Citizens Alerting Policyholder Of New Claims Restrictions

With new homeowner insurance restrictions looming July 1, state-run Citizens Property Insurance Corp. is kicking off a public relations campaign to alert new and renewing policyholders.

Citizens spokesman Michael Peltier said the campaign is an effort “to make the transition as seamless as possible.”

The changes include a cap of $3,000 (or 1 percent of the overall coverage of the primary structure) on emergency repairs without Citizens’ approval, and the right by Citizens to deny reimbursement for permanent repairs started within 72 hours after a claim is reported, unless the company first inspects the property or approves permanent work.

In a plumbing emergency, for example, a homeowner insuring a $275,000 house will be reimbursed for up to $3,000 of the cost of hiring a plumber to plug a ruptured pipe to stop gushing water. But the insurer wants to inspect the damage before new pipe and flooring are installed.

Also, Citizens plans to cover only the part of a system — such as a corroded pipe section — that caused the loss and will cover only the cost of accessing that section. In other words, the company will no longer pay to replace an entire drainage system or an entire floor if damage occurs to just a portion.

The changes were approved by Citizens’ Board of Governors in January and by the state Office of Insurance Regulation in March. They are intended to curb increases in claims costs and premiums occurring, Citizens has said, because repair contractors persuade policyholders to sign over benefits of their policies, then submit inflated receipts and file suit if Citizens denies the claim or offers less money.

Repair companies and attorneys, in turn, say Citizens routinely denies claims unfairly or offers too little money for proper repairs.

New Citizens customers will be made aware of the changes if they buy a policy that takes effect after July 1. Renewing customers will learn of them in their policy renewal notices, Peltier said.

Citizens says a majority of the abuses originate in the tri-county area, home to about half of its policyholders.

State approval for the same or similar changes is being sought by private insurance companies in so-called “me too” filings submitted after Citizens’ requests were approved.

Citizens is producing a color brochure it plans to include in all new and renewal policy packets. They also will be available on its website, citizensfla.com, and agents can request copies to distribute, Peltier said.

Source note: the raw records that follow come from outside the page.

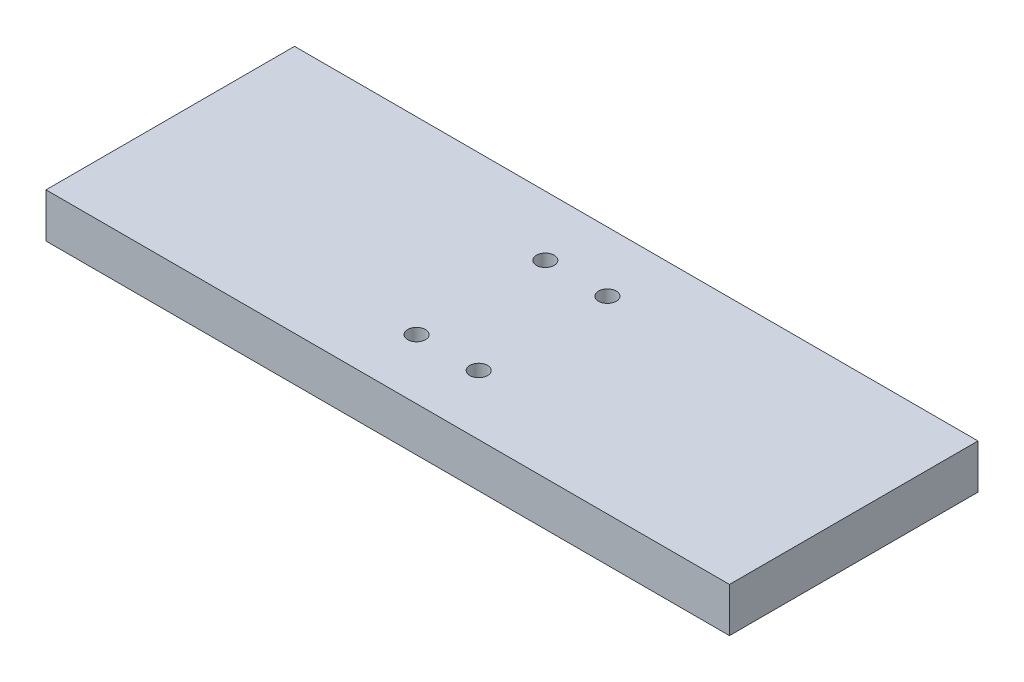
SolidWorks part; units mm, degrees
ref_plane "Front Plane" through (0, 0, 0) normal (0, 0, 1) x (1, 0, 0)
ref_plane "Top Plane" through (0, 0, 0) normal (0, 1, 0) x (1, 0, 0)
ref_plane "Right Plane" through (0, 0, 0) normal (1, 0, 0) x (0, 0, -1)
sketch "Sketch1" plane through (0, 0, 0) normal (0, 1, 0) x (1, 0, 0)
  line L1 (77, 28) -> (-77, 28)
  line L2 (77, 28) -> (77, -28)
  line L3 (77, -28) -> (-77, -28)
  line L4 (-77, 28) -> (-77, -28)
  line L5 (77, 28) -> (-77, -28) construction
  line L6 (77, -28) -> (-77, 28) construction
  point P0 (0, 0)
  dimension "D1" = 154
  dimension "D2" = 56
extrude "Boss-Extrude1" add sketch "Sketch1" along normal blind 10
sketch "Sketch4" plane through (0, 10, 0) normal (0, 1, 0) x (1, 0, 0)
  line L0 (77, 0) -> (-77, 0) construction
  line L1 (0, 28) -> (0, -28) construction
  line L2 (-77, 28) -> (-77, -28) construction
  line L3 (-77, -28) -> (77, -28) construction
  circle A0 centre (-27, 15) radius 2
  circle A1 centre (27, 15) radius 2
  circle A2 centre (27, -15) radius 2
  circle A3 centre (-27, -15) radius 2
  point P6 (0, 0)
  point P10 (0, 0)
  dimension "D1" = 4
  dimension "D2" = 27
  dimension "D3" = 15
hole_wizard "Ø4.0mm Dowel Hole3" positions "3DSketch3" profile "Sketch6" hole size "Ø4.0" standard "ANSI Metric"
sketch3d "3DSketch3"
  line L0 (0, 10, 28) -> (0, 10, -28) construction
  line L1 (-77, 10, 28) -> (77, 10, 28) construction
  line L2 (77, 10, -28) -> (-77, 10, -28) construction
  line L6 (-7, 10, -14.5) -> (-7, 10, 14.5) construction
  line L8 (-7, 10, 0) -> (0, 10, 0) construction
  point P0 (-7, 10, -14.5)
  point P2 (-7, 10, 14.5)
  point P4 (7, 10, 14.5)
  point P6 (7, 10, -14.5)
  dimension "D1" = 14
  dimension "D2" = 14
  dimension "D3" = 29
  dimension "D4" = 29
  dimension "D5" = 7
sketch "Sketch6" plane through (-7, 10, -14.5) normal (1, 0, 0) x (0, 0, 1)
  line L0 (0, 0) -> (0, 8.2017)
  line L1 (0, 8.2017) -> (2, 7)
  line L2 (2, 7) -> (2, 0)
  line L5 (2, 0) -> (0, 0)
  line L10 (0, 8.2017) -> (-2, 7) construction
  line L11 (0, -6.35) -> (0, 107.95) construction
  dimension "Hole Dia." = 4
  dimension "Hole Depth" = 7
  dimension "Drill Angle" = 118
cosmetic thread "Cosmetic Thread1" parameters "D1"=5, "D2"=5
cosmetic thread "Cosmetic Thread2" parameters "D1"=5, "D2"=5
cosmetic thread "Cosmetic Thread3" parameters "D1"=5, "D2"=5
cosmetic thread "Cosmetic Thread4" parameters "D1"=5, "D2"=5

Insurance agents have been notified of the changes through bulletins and a webinar last week for about 800 agents, Peltier said.

Meanwhile, Citizens policyholders can expect still more changes this year. A new program in the works will enable Citizens to dispatch pre-approved contractors to make repairs. The managed repair program will be voluntary at first, but Citizens President and CEO Barry Gilway has said he expects to seek state approval to make it mandatory — meaning Citizens would determine who would make the repair.

The Florida Justice Association, a trade group for plaintiffs attorneys, said it’s not planning any specific campaign to let consumers know how their legal options have changed.

But in a statement Tuesday, insurance lawyer and lobbyist Reggie Garcia criticized the $3,000 emergency repair limit as “artificial” and the time restriction on permanent repairs as “unreasonable.” He called the policy changes a “back door approach” submitted after insurers failed to persuade the legislature to approve restrictions.

“Public hearings should have occurred prior to these policy changes, which would have given homeowners a better opportunity to be heard prior to some of their contract rights being taken away,” Garcia said.